* _Given records_:

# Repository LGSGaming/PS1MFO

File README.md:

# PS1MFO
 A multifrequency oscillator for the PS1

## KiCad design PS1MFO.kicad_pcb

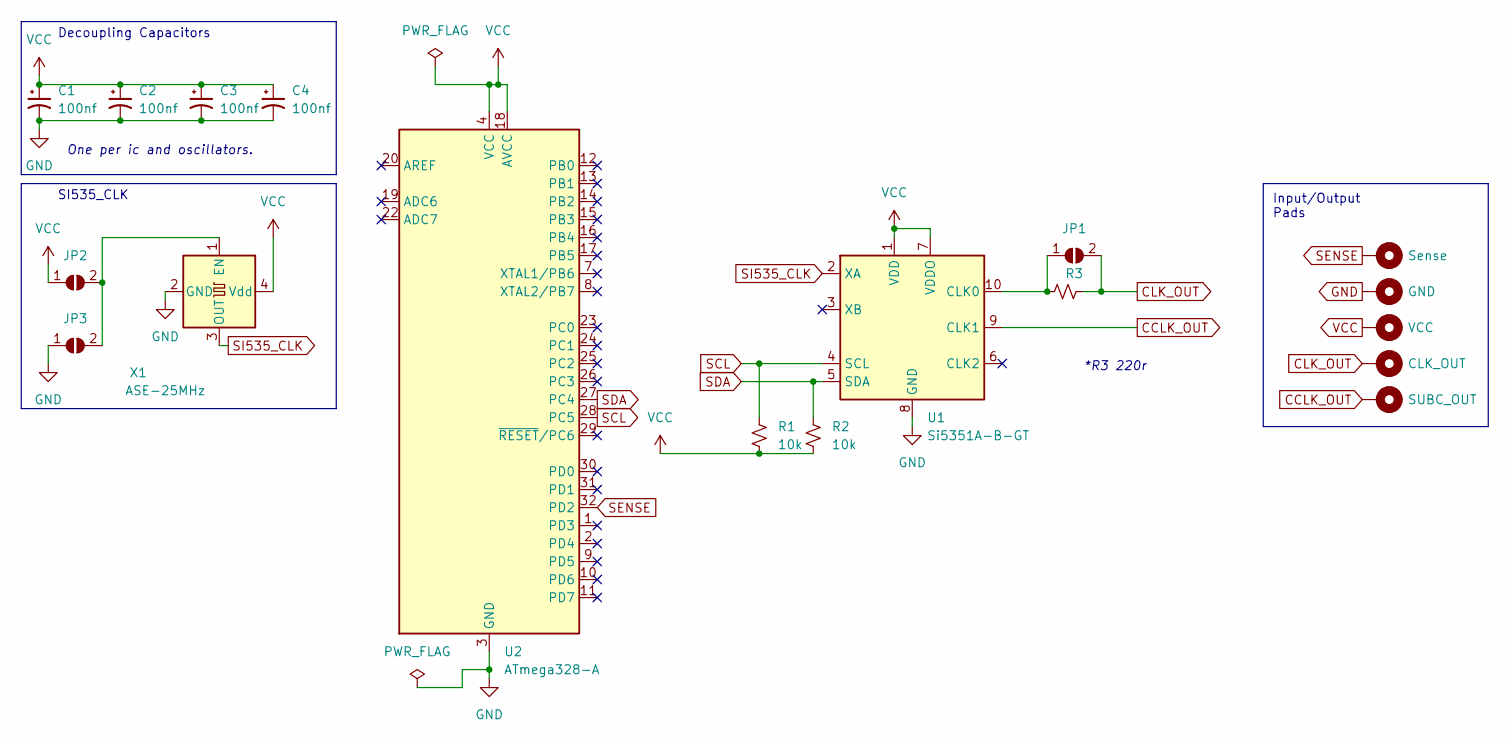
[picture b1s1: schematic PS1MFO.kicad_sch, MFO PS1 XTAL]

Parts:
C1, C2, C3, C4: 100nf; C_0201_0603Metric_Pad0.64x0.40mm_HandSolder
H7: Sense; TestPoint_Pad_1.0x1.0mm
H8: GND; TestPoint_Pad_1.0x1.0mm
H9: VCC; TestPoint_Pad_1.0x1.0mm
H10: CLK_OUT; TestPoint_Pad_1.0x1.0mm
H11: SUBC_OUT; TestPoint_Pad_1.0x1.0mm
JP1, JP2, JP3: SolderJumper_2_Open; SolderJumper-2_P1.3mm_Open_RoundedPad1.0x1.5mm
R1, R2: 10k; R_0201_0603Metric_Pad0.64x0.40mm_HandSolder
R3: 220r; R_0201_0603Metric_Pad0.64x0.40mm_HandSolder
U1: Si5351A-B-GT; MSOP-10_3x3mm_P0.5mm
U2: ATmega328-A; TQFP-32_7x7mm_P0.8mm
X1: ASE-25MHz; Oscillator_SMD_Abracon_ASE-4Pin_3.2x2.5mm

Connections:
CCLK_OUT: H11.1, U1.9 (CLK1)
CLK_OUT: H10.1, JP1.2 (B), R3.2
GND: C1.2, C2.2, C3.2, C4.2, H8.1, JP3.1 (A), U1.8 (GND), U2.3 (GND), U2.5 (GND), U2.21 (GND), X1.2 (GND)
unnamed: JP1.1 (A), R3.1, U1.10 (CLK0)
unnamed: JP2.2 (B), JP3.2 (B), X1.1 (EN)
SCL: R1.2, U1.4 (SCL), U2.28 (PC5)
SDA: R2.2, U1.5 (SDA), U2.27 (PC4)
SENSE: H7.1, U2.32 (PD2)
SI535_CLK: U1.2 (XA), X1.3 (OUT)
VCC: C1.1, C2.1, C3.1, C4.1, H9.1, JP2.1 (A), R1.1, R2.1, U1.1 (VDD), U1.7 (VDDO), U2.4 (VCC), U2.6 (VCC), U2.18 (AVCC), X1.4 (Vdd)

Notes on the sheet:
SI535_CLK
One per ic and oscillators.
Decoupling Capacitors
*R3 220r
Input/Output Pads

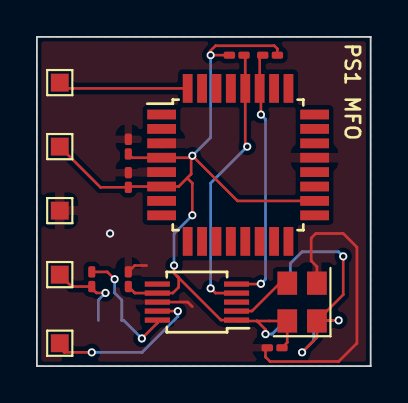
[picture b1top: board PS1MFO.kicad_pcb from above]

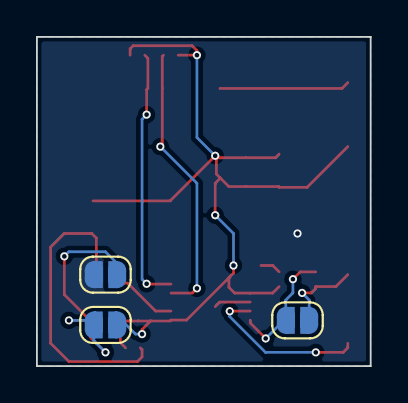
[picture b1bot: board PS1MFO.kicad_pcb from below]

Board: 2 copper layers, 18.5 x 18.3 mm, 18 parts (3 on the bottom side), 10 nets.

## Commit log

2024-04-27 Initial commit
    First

* _Aim of the task_:
Each line of the material that has the word "from" belongs in the answer.

* _Exercise answer_:
[picture b1top: board PS1MFO.kicad_pcb from above]
[picture b1bot: board PS1MFO.kicad_pcb from below]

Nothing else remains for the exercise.